- _Required action_:
If a line in the data below contains the word "угла", copy it out.

- _Study material_:
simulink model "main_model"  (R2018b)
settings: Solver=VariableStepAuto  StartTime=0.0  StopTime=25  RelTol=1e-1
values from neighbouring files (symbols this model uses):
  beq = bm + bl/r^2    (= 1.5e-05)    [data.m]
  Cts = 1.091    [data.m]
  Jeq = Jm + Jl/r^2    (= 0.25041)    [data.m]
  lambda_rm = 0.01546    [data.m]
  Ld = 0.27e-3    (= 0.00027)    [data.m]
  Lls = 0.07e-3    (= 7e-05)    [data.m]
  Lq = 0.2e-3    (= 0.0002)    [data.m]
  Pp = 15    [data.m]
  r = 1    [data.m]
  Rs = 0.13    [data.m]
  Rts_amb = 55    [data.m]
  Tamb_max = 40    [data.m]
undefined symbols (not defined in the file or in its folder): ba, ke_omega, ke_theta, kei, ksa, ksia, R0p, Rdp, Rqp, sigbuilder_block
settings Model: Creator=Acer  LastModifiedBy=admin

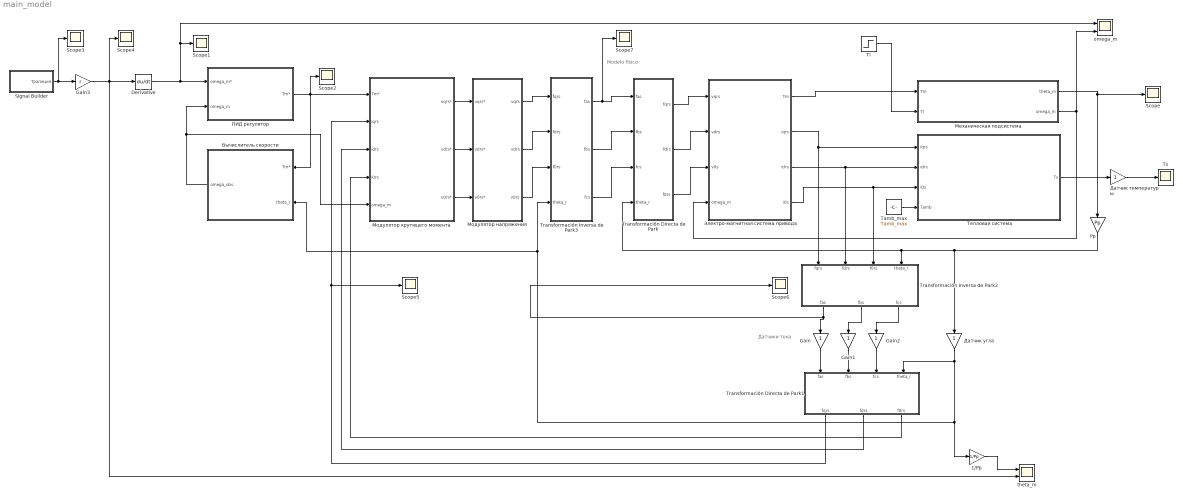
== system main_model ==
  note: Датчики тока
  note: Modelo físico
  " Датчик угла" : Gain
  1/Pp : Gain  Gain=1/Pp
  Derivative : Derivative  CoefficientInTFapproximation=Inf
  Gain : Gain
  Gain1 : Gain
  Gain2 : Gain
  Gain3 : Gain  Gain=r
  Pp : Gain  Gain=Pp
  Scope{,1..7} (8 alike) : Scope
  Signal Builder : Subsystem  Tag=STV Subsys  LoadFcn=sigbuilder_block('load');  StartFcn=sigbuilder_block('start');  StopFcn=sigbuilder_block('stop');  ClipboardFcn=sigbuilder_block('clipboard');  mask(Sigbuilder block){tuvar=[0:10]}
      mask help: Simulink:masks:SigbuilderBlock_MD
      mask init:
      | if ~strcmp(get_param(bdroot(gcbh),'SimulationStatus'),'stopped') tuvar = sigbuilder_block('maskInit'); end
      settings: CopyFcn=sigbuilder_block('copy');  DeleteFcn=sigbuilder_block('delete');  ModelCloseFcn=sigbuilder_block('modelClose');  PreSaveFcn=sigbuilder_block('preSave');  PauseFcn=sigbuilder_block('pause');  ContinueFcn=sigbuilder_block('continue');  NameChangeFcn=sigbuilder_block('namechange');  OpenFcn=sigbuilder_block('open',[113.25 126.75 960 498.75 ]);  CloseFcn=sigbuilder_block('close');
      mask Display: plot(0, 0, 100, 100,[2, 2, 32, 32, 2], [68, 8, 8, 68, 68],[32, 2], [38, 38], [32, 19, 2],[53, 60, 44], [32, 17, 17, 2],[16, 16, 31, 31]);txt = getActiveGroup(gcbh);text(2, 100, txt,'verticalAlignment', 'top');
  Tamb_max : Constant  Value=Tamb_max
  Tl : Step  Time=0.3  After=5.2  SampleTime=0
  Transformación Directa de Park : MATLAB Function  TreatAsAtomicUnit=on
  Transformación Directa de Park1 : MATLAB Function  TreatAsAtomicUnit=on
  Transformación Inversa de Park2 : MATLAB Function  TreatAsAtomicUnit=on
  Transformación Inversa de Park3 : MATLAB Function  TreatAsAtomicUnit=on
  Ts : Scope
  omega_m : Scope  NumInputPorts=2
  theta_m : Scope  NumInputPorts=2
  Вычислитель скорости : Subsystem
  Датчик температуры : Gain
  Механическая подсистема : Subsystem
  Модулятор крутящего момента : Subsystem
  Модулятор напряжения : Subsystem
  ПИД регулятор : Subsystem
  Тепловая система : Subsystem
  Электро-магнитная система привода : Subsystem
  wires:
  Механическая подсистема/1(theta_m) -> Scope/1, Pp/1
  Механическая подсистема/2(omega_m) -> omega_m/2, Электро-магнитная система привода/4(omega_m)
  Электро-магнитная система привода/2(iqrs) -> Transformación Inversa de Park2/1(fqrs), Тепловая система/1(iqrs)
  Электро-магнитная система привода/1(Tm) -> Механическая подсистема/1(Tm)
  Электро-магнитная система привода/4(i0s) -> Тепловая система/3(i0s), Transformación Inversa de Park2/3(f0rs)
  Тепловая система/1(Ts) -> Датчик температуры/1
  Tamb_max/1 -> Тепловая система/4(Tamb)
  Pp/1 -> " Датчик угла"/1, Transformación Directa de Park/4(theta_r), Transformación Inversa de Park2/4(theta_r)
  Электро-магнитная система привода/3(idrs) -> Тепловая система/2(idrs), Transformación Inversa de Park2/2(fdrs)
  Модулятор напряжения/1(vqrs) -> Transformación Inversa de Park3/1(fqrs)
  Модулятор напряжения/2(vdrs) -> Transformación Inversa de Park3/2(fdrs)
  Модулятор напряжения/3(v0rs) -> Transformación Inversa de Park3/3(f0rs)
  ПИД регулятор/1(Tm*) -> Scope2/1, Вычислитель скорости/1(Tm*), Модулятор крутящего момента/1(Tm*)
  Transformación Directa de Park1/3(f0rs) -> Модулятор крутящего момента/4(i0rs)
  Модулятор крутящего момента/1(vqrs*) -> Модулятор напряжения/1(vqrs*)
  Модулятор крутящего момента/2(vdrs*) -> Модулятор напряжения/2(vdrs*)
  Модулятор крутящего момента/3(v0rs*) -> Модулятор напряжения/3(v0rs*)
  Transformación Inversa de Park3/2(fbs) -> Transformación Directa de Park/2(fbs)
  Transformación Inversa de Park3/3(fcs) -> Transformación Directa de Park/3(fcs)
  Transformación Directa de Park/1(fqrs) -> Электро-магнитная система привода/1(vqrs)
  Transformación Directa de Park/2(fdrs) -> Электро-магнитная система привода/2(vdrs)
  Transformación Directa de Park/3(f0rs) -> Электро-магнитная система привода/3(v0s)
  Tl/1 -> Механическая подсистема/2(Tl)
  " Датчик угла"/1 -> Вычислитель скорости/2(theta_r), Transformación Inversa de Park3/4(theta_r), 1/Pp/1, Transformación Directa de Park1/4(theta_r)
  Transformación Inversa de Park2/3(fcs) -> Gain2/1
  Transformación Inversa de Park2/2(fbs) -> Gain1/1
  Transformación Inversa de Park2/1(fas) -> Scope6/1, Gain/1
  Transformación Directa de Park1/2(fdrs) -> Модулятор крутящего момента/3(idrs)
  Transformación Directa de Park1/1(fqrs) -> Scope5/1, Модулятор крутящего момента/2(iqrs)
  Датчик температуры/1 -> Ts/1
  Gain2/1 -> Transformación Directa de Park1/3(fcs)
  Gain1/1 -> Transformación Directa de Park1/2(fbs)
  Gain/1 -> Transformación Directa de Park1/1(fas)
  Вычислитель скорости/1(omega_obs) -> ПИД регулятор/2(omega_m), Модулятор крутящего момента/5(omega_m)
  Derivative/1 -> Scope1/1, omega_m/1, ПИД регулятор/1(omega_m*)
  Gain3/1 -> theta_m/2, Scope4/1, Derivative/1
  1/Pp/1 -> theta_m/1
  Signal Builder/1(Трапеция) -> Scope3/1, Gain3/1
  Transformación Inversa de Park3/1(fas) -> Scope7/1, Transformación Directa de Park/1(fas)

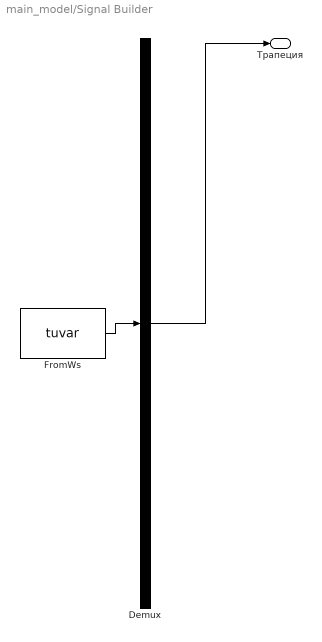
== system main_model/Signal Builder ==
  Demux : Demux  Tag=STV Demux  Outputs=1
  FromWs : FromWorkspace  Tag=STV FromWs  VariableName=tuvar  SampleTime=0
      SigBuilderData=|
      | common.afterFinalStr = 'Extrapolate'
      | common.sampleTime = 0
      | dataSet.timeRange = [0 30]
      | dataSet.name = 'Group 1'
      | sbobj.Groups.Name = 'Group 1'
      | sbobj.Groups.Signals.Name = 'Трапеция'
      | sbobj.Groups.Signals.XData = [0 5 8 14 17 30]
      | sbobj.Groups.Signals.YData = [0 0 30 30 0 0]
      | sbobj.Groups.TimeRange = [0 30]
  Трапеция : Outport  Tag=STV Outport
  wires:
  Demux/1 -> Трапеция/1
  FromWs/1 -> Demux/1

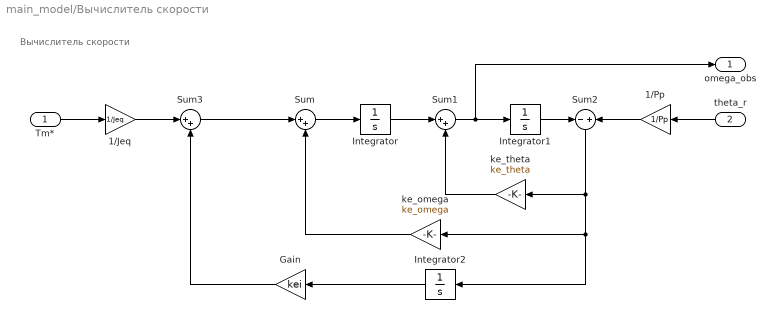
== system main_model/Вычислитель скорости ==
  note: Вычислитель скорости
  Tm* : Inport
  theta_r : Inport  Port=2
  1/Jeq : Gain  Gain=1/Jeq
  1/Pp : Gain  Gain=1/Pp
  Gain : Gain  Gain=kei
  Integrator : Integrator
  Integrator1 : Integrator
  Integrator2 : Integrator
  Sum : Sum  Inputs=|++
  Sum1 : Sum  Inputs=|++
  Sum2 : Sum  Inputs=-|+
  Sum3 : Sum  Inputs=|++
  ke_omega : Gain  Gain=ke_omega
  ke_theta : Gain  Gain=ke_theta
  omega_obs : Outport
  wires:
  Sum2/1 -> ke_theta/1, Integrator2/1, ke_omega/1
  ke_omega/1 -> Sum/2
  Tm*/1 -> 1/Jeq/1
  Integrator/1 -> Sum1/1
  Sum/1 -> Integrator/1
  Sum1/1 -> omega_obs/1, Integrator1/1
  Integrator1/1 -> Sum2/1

- _Reply to the exercise_:
  " Датчик угла" : Gain
  Pp/1 -> " Датчик угла"/1, Transformación Directa de Park/4(theta_r), Transformación Inversa de Park2/4(theta_r)
  " Датчик угла"/1 -> Вычислитель скорости/2(theta_r), Transformación Inversa de Park3/4(theta_r), 1/Pp/1, Transformación Directa de Park1/4(theta_r)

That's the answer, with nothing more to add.